>>>>

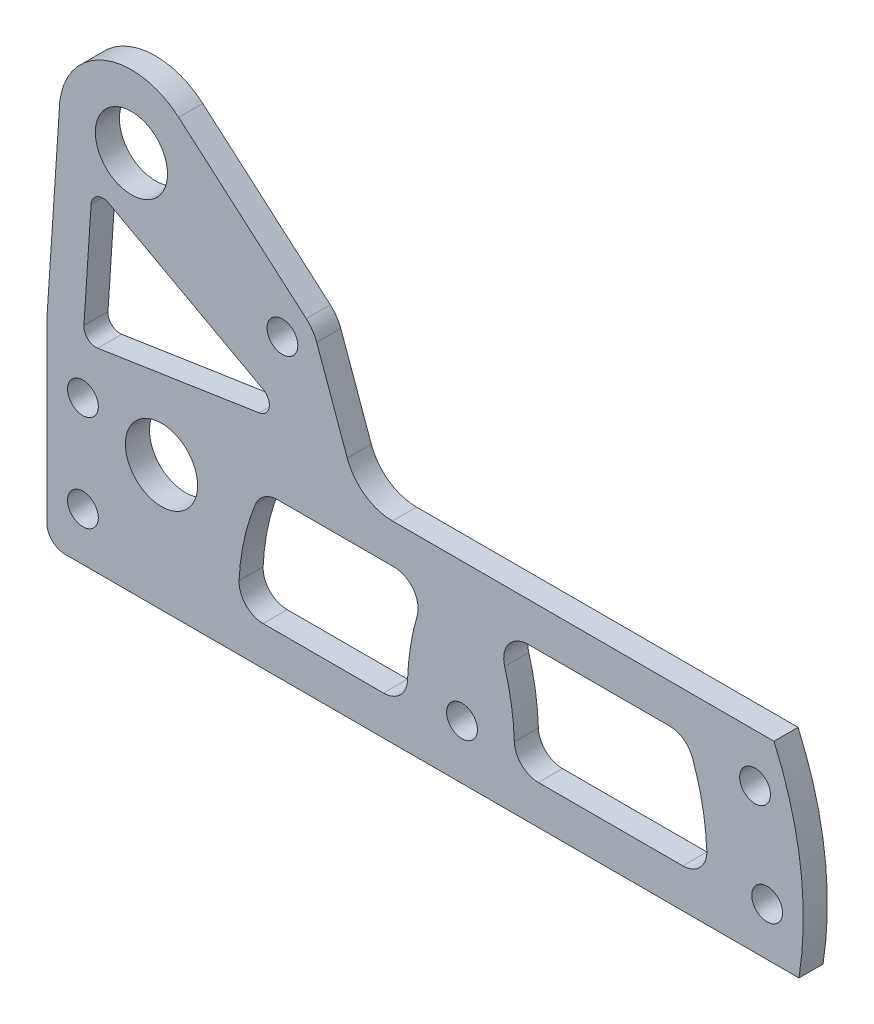
from build123d import *

# Parameters (mm, degrees)
SKETCH1_R           = 2.032
SKETCH1_R_2         = 4.7625
BOSS_EXTRUDE1_DEPTH = 3.175
FILLET1_R           = 6.35
SKETCH2_R           = 2.032
CUT_EXTRUDE1_DEPTH  = 116.854784776
FILLET2_R           = 2.3876
CUT_EXTRUDE2_REACH  = 117.855
FILLET3_R           = 3.175


with BuildPart() as part:
    # Sketch1 → Boss-Extrude1 (new body)
    with BuildSketch(Plane.XY):
        with BuildLine():
            Line((0, 0), (-99.21875, 0))
            Line((-99.21875, 0), (-99.21875, 25.4))
            ThreePointArc((-99.21875, 25.4), (-99.216112514, 25.559225204), (-99.208202949, 25.718275702))
            Line((-99.208202949, 25.718275702), (-97.583411312, 50.206818816))
            ThreePointArc((-97.583411312, 50.206818816), (-92.015151864, 58.871103506), (-81.820717516, 57.405207601))
            Line((-81.820717516, 57.405207601), (-64.992407125, 42.82279889))
            ThreePointArc((-64.992407125, 42.82279889), (-64.174703888, 41.906719209), (-63.615743119, 40.813374148))
            Line((-63.615743119, 40.813374148), (-58.084627995, 25.4))
            Line((-58.084627995, 25.4), (-3.297296565, 25.4))
            ThreePointArc((-3.297296565, 25.4), (0.195780415, 12.939434189), (0, 0))
        make_face()
        with Locations((-44.45, 7.14375)):
            Circle(SKETCH1_R, mode=Mode.SUBTRACT)
        with Locations((-84.089661312, 16.5735)):
            Circle(SKETCH1_R_2, mode=Mode.SUBTRACT)
        with Locations((-88.058411312, 50.206818816)):
            Circle(SKETCH1_R_2, mode=Mode.SUBTRACT)
        with Locations((-4.19910616, 6.35)):
            Circle(SKETCH1_R, mode=Mode.SUBTRACT)
        with Locations((-5.795027999, 19.05)):
            Circle(SKETCH1_R, mode=Mode.SUBTRACT)
        with Locations((-94.45625, 6.35)):
            Circle(SKETCH1_R, mode=Mode.SUBTRACT)
        with Locations((-94.45625, 19.05)):
            Circle(SKETCH1_R, mode=Mode.SUBTRACT)
    extrude(amount=BOSS_EXTRUDE1_DEPTH)

    # Fillet1
    fillet1_edges = [part.edges().sort_by_distance(p)[0] for p in [
        (-58.084627995, 25.4, 1.5875),
    ]]
    fillet(fillet1_edges, radius=FILLET1_R)

    # Sketch2 → Cut-Extrude1 (cut, through all)
    with BuildSketch(Plane.XY.offset(3.175)):
        with Locations((-68.140747312, 39.189568816)):
            Circle(SKETCH2_R)
    extrude(amount=-CUT_EXTRUDE1_DEPTH, mode=Mode.SUBTRACT)

    # Fillet2
    fillet2_edges = [part.edges().sort_by_distance(p)[0] for p in [
        (-99.21875, 0, 1.5875),
    ]]
    fillet(fillet2_edges, radius=FILLET2_R)

    # Sketch4 → Cut-Extrude2 (cut, up to next)
    with BuildSketch(Plane(origin=(0, 0, 0), x_dir=(-1, 0, 0), z_dir=(0, 0, -1)), mode=Mode.PRIVATE) as cut_extrude2_sk1:
        with BuildLine():
            Line((14.906243411, 20.25001426), (40.306243411, 20.25001426))
            ThreePointArc((40.306243411, 20.25001426), (38.03973616, 12.863437985), (37.591162137, 5.14998574))
            Line((37.591162137, 5.14998574), (12.191162137, 5.14998574))
            ThreePointArc((12.191162137, 5.14998574), (12.63973616, 12.863437985), (14.906243411, 20.25001426))
        make_face()
    cut_extrude2_tool1 = extrude(cut_extrude2_sk1.sketch, amount=-CUT_EXTRUDE2_REACH, mode=Mode.PRIVATE) & part.part
    # Sketch4 → Cut-Extrude2 (cut, up to next)
    with BuildSketch(Plane(origin=(0, 0, 0), x_dir=(-1, 0, 0), z_dir=(0, 0, -1)), mode=Mode.PRIVATE) as cut_extrude2_sk2:
        with BuildLine():
            Line((71.210862075, 28.952720027), (92.501475834, 25.698758848))
            ThreePointArc((92.501475834, 25.698758848), (93.814902604, 26.098604816), (94.325334391, 27.37313456))
            Line((94.325334391, 27.37313456), (93.375138804, 41.6942974))
            ThreePointArc((93.375138804, 41.6942974), (92.556554604, 42.979979171), (91.032400998, 42.983652428))
            Line((91.032400998, 42.983652428), (70.691982826, 31.916450766))
            ThreePointArc((70.691982826, 31.916450766), (69.886987798, 30.248228031), (71.210862075, 28.952720027))
        make_face()
    cut_extrude2_tool2 = extrude(cut_extrude2_sk2.sketch, amount=-CUT_EXTRUDE2_REACH, mode=Mode.PRIVATE) & part.part
    # Sketch4 → Cut-Extrude2 (cut, up to next)
    with BuildSketch(Plane(origin=(0, 0, 0), x_dir=(-1, 0, 0), z_dir=(0, 0, -1)), mode=Mode.PRIVATE) as cut_extrude2_sk3:
        with BuildLine():
            Line((73.81875, 5.14998574), (51.59375, 5.14998574))
            ThreePointArc((51.59375, 5.14998574), (51.145175977, 12.863437985), (48.878668725, 20.25001426))
            Line((48.878668725, 20.25001426), (70.807625266, 20.25001426))
            ThreePointArc((70.807625266, 20.25001426), (73.317974303, 12.900366376), (73.81875, 5.14998574))
        make_face()
    cut_extrude2_tool3 = extrude(cut_extrude2_sk3.sketch, amount=-CUT_EXTRUDE2_REACH, mode=Mode.PRIVATE) & part.part
    add(cut_extrude2_tool1.solids().sort_by_distance((-25.621324, 12.7, 0))[0], mode=Mode.SUBTRACT)
    add(cut_extrude2_tool2.solids().sort_by_distance((-84.934877, 33.097306, 0))[0], mode=Mode.SUBTRACT)
    add(cut_extrude2_tool3.solids().sort_by_distance((-61.941303, 12.68386, 0))[0], mode=Mode.SUBTRACT)

    # Fillet3
    fillet3_edges = [part.edges().sort_by_distance(p)[0] for p in [
        (-70.807625266, 20.25001426, 1.5875),
        (-73.81875, 5.14998574, 1.5875),
        (-51.59375, 5.14998574, 1.5875),
        (-48.878668725, 20.25001426, 1.5875),
        (-40.306243411, 20.25001426, 1.5875),
        (-37.591162137, 5.14998574, 1.5875),
        (-12.191162137, 5.14998574, 1.5875),
        (-14.906243411, 20.25001426, 1.5875),
    ]]
    fillet(fillet3_edges, radius=FILLET3_R)


solid = part.part

<<<<

TASK BRIEF:
Without the pictures, reproduce the entries exactly.

SOLUTION FOR THIS PROBLEM:
from build123d import *

# Parameters (mm, degrees)
SKETCH1_R           = 2.032
SKETCH1_R_2         = 4.7625
BOSS_EXTRUDE1_DEPTH = 3.175
FILLET1_R           = 6.35
SKETCH2_R           = 2.032
CUT_EXTRUDE1_DEPTH  = 116.854784776
FILLET2_R           = 2.3876
CUT_EXTRUDE2_REACH  = 117.855
FILLET3_R           = 3.175


with BuildPart() as part:
    # Sketch1 → Boss-Extrude1 (new body)
    with BuildSketch(Plane.XY):
        with BuildLine():
            Line((0, 0), (-99.21875, 0))
            Line((-99.21875, 0), (-99.21875, 25.4))
            ThreePointArc((-99.21875, 25.4), (-99.216112514, 25.559225204), (-99.208202949, 25.718275702))
            Line((-99.208202949, 25.718275702), (-97.583411312, 50.206818816))
            ThreePointArc((-97.583411312, 50.206818816), (-92.015151864, 58.871103506), (-81.820717516, 57.405207601))
            Line((-81.820717516, 57.405207601), (-64.992407125, 42.82279889))
            ThreePointArc((-64.992407125, 42.82279889), (-64.174703888, 41.906719209), (-63.615743119, 40.813374148))
            Line((-63.615743119, 40.813374148), (-58.084627995, 25.4))
            Line((-58.084627995, 25.4), (-3.297296565, 25.4))
            ThreePointArc((-3.297296565, 25.4), (0.195780415, 12.939434189), (0, 0))
        make_face()
        with Locations((-44.45, 7.14375)):
            Circle(SKETCH1_R, mode=Mode.SUBTRACT)
        with Locations((-84.089661312, 16.5735)):
            Circle(SKETCH1_R_2, mode=Mode.SUBTRACT)
        with Locations((-88.058411312, 50.206818816)):
            Circle(SKETCH1_R_2, mode=Mode.SUBTRACT)
        with Locations((-4.19910616, 6.35)):
            Circle(SKETCH1_R, mode=Mode.SUBTRACT)
        with Locations((-5.795027999, 19.05)):
            Circle(SKETCH1_R, mode=Mode.SUBTRACT)
        with Locations((-94.45625, 6.35)):
            Circle(SKETCH1_R, mode=Mode.SUBTRACT)
        with Locations((-94.45625, 19.05)):
            Circle(SKETCH1_R, mode=Mode.SUBTRACT)
    extrude(amount=BOSS_EXTRUDE1_DEPTH)

    # Fillet1
    fillet1_edges = [part.edges().sort_by_distance(p)[0] for p in [
        (-58.084627995, 25.4, 1.5875),
    ]]
    fillet(fillet1_edges, radius=FILLET1_R)

    # Sketch2 → Cut-Extrude1 (cut, through all)
    with BuildSketch(Plane.XY.offset(3.175)):
        with Locations((-68.140747312, 39.189568816)):
            Circle(SKETCH2_R)
    extrude(amount=-CUT_EXTRUDE1_DEPTH, mode=Mode.SUBTRACT)

    # Fillet2
    fillet2_edges = [part.edges().sort_by_distance(p)[0] for p in [
        (-99.21875, 0, 1.5875),
    ]]
    fillet(fillet2_edges, radius=FILLET2_R)

    # Sketch4 → Cut-Extrude2 (cut, up to next)
    with BuildSketch(Plane(origin=(0, 0, 0), x_dir=(-1, 0, 0), z_dir=(0, 0, -1)), mode=Mode.PRIVATE) as cut_extrude2_sk1:
        with BuildLine():
            Line((14.906243411, 20.25001426), (40.306243411, 20.25001426))
            ThreePointArc((40.306243411, 20.25001426), (38.03973616, 12.863437985), (37.591162137, 5.14998574))
            Line((37.591162137, 5.14998574), (12.191162137, 5.14998574))
            ThreePointArc((12.191162137, 5.14998574), (12.63973616, 12.863437985), (14.906243411, 20.25001426))
        make_face()
    cut_extrude2_tool1 = extrude(cut_extrude2_sk1.sketch, amount=-CUT_EXTRUDE2_REACH, mode=Mode.PRIVATE) & part.part
    # Sketch4 → Cut-Extrude2 (cut, up to next)
    with BuildSketch(Plane(origin=(0, 0, 0), x_dir=(-1, 0, 0), z_dir=(0, 0, -1)), mode=Mode.PRIVATE) as cut_extrude2_sk2:
        with BuildLine():
            Line((71.210862075, 28.952720027), (92.501475834, 25.698758848))
            ThreePointArc((92.501475834, 25.698758848), (93.814902604, 26.098604816), (94.325334391, 27.37313456))
            Line((94.325334391, 27.37313456), (93.375138804, 41.6942974))
            ThreePointArc((93.375138804, 41.6942974), (92.556554604, 42.979979171), (91.032400998, 42.983652428))
            Line((91.032400998, 42.983652428), (70.691982826, 31.916450766))
            ThreePointArc((70.691982826, 31.916450766), (69.886987798, 30.248228031), (71.210862075, 28.952720027))
        make_face()
    cut_extrude2_tool2 = extrude(cut_extrude2_sk2.sketch, amount=-CUT_EXTRUDE2_REACH, mode=Mode.PRIVATE) & part.part
    # Sketch4 → Cut-Extrude2 (cut, up to next)
    with BuildSketch(Plane(origin=(0, 0, 0), x_dir=(-1, 0, 0), z_dir=(0, 0, -1)), mode=Mode.PRIVATE) as cut_extrude2_sk3:
        with BuildLine():
            Line((73.81875, 5.14998574), (51.59375, 5.14998574))
            ThreePointArc((51.59375, 5.14998574), (51.145175977, 12.863437985), (48.878668725, 20.25001426))
            Line((48.878668725, 20.25001426), (70.807625266, 20.25001426))
            ThreePointArc((70.807625266, 20.25001426), (73.317974303, 12.900366376), (73.81875, 5.14998574))
        make_face()
    cut_extrude2_tool3 = extrude(cut_extrude2_sk3.sketch, amount=-CUT_EXTRUDE2_REACH, mode=Mode.PRIVATE) & part.part
    add(cut_extrude2_tool1.solids().sort_by_distance((-25.621324, 12.7, 0))[0], mode=Mode.SUBTRACT)
    add(cut_extrude2_tool2.solids().sort_by_distance((-84.934877, 33.097306, 0))[0], mode=Mode.SUBTRACT)
    add(cut_extrude2_tool3.solids().sort_by_distance((-61.941303, 12.68386, 0))[0], mode=Mode.SUBTRACT)

    # Fillet3
    fillet3_edges = [part.edges().sort_by_distance(p)[0] for p in [
        (-70.807625266, 20.25001426, 1.5875),
        (-73.81875, 5.14998574, 1.5875),
        (-51.59375, 5.14998574, 1.5875),
        (-48.878668725, 20.25001426, 1.5875),
        (-40.306243411, 20.25001426, 1.5875),
        (-37.591162137, 5.14998574, 1.5875),
        (-12.191162137, 5.14998574, 1.5875),
        (-14.906243411, 20.25001426, 1.5875),
    ]]
    fillet(fillet3_edges, radius=FILLET3_R)


solid = part.part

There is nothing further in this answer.